Exercise requirements>
An unchanged copy of all the lines below is expected, and it should contain no pictures.

Records supplied>
————

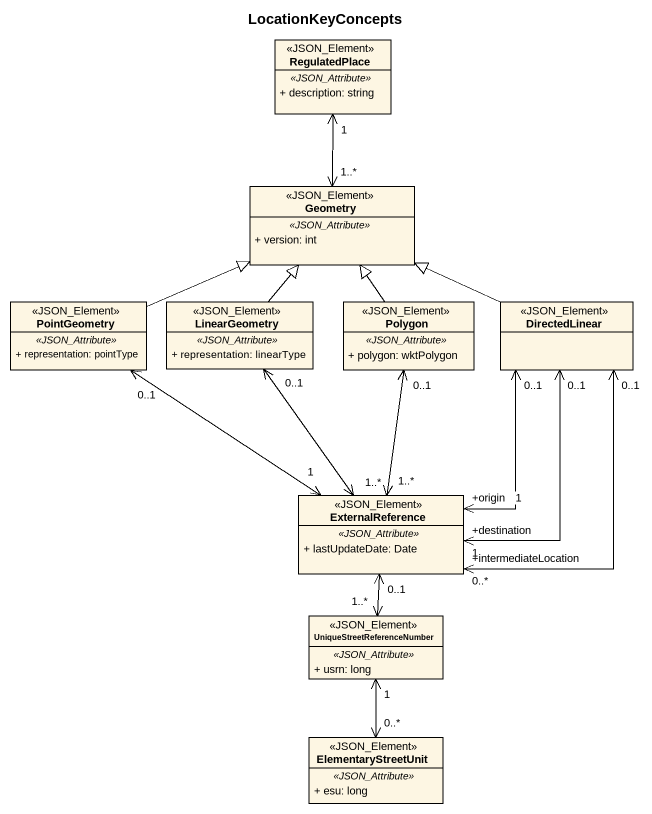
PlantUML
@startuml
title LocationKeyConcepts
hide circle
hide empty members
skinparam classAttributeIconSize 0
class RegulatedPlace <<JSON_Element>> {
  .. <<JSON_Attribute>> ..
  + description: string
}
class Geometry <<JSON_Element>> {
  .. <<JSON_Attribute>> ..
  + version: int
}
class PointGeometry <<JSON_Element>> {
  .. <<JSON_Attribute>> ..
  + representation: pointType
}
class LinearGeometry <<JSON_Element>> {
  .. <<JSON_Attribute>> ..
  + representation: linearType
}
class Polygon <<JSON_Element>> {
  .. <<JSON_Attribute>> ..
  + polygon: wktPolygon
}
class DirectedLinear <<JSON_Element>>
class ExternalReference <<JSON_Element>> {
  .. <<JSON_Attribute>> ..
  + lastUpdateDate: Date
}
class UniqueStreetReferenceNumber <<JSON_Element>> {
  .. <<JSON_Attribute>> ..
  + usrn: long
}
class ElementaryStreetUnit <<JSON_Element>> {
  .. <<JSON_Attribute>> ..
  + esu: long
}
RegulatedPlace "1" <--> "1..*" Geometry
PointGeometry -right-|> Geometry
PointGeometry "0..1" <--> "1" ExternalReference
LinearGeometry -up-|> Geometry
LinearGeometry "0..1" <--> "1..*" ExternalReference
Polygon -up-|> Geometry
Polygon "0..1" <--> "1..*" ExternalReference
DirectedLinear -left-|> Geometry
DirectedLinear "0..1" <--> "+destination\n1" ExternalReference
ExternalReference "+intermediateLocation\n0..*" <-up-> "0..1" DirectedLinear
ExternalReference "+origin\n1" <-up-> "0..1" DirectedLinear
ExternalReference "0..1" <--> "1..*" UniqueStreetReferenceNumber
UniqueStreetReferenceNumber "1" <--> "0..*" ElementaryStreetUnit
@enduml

————

Solution to the problem>
PlantUML
@startuml
title LocationKeyConcepts
hide circle
hide empty members
skinparam classAttributeIconSize 0
class RegulatedPlace <<JSON_Element>> {
  .. <<JSON_Attribute>> ..
  + description: string
}
class Geometry <<JSON_Element>> {
  .. <<JSON_Attribute>> ..
  + version: int
}
class PointGeometry <<JSON_Element>> {
  .. <<JSON_Attribute>> ..
  + representation: pointType
}
class LinearGeometry <<JSON_Element>> {
  .. <<JSON_Attribute>> ..
  + representation: linearType
}
class Polygon <<JSON_Element>> {
  .. <<JSON_Attribute>> ..
  + polygon: wktPolygon
}
class DirectedLinear <<JSON_Element>>
class ExternalReference <<JSON_Element>> {
  .. <<JSON_Attribute>> ..
  + lastUpdateDate: Date
}
class UniqueStreetReferenceNumber <<JSON_Element>> {
  .. <<JSON_Attribute>> ..
  + usrn: long
}
class ElementaryStreetUnit <<JSON_Element>> {
  .. <<JSON_Attribute>> ..
  + esu: long
}
RegulatedPlace "1" <--> "1..*" Geometry
PointGeometry -right-|> Geometry
PointGeometry "0..1" <--> "1" ExternalReference
LinearGeometry -up-|> Geometry
LinearGeometry "0..1" <--> "1..*" ExternalReference
Polygon -up-|> Geometry
Polygon "0..1" <--> "1..*" ExternalReference
DirectedLinear -left-|> Geometry
DirectedLinear "0..1" <--> "+destination\n1" ExternalReference
ExternalReference "+intermediateLocation\n0..*" <-up-> "0..1" DirectedLinear
ExternalReference "+origin\n1" <-up-> "0..1" DirectedLinear
ExternalReference "0..1" <--> "1..*" UniqueStreetReferenceNumber
UniqueStreetReferenceNumber "1" <--> "0..*" ElementaryStreetUnit
@enduml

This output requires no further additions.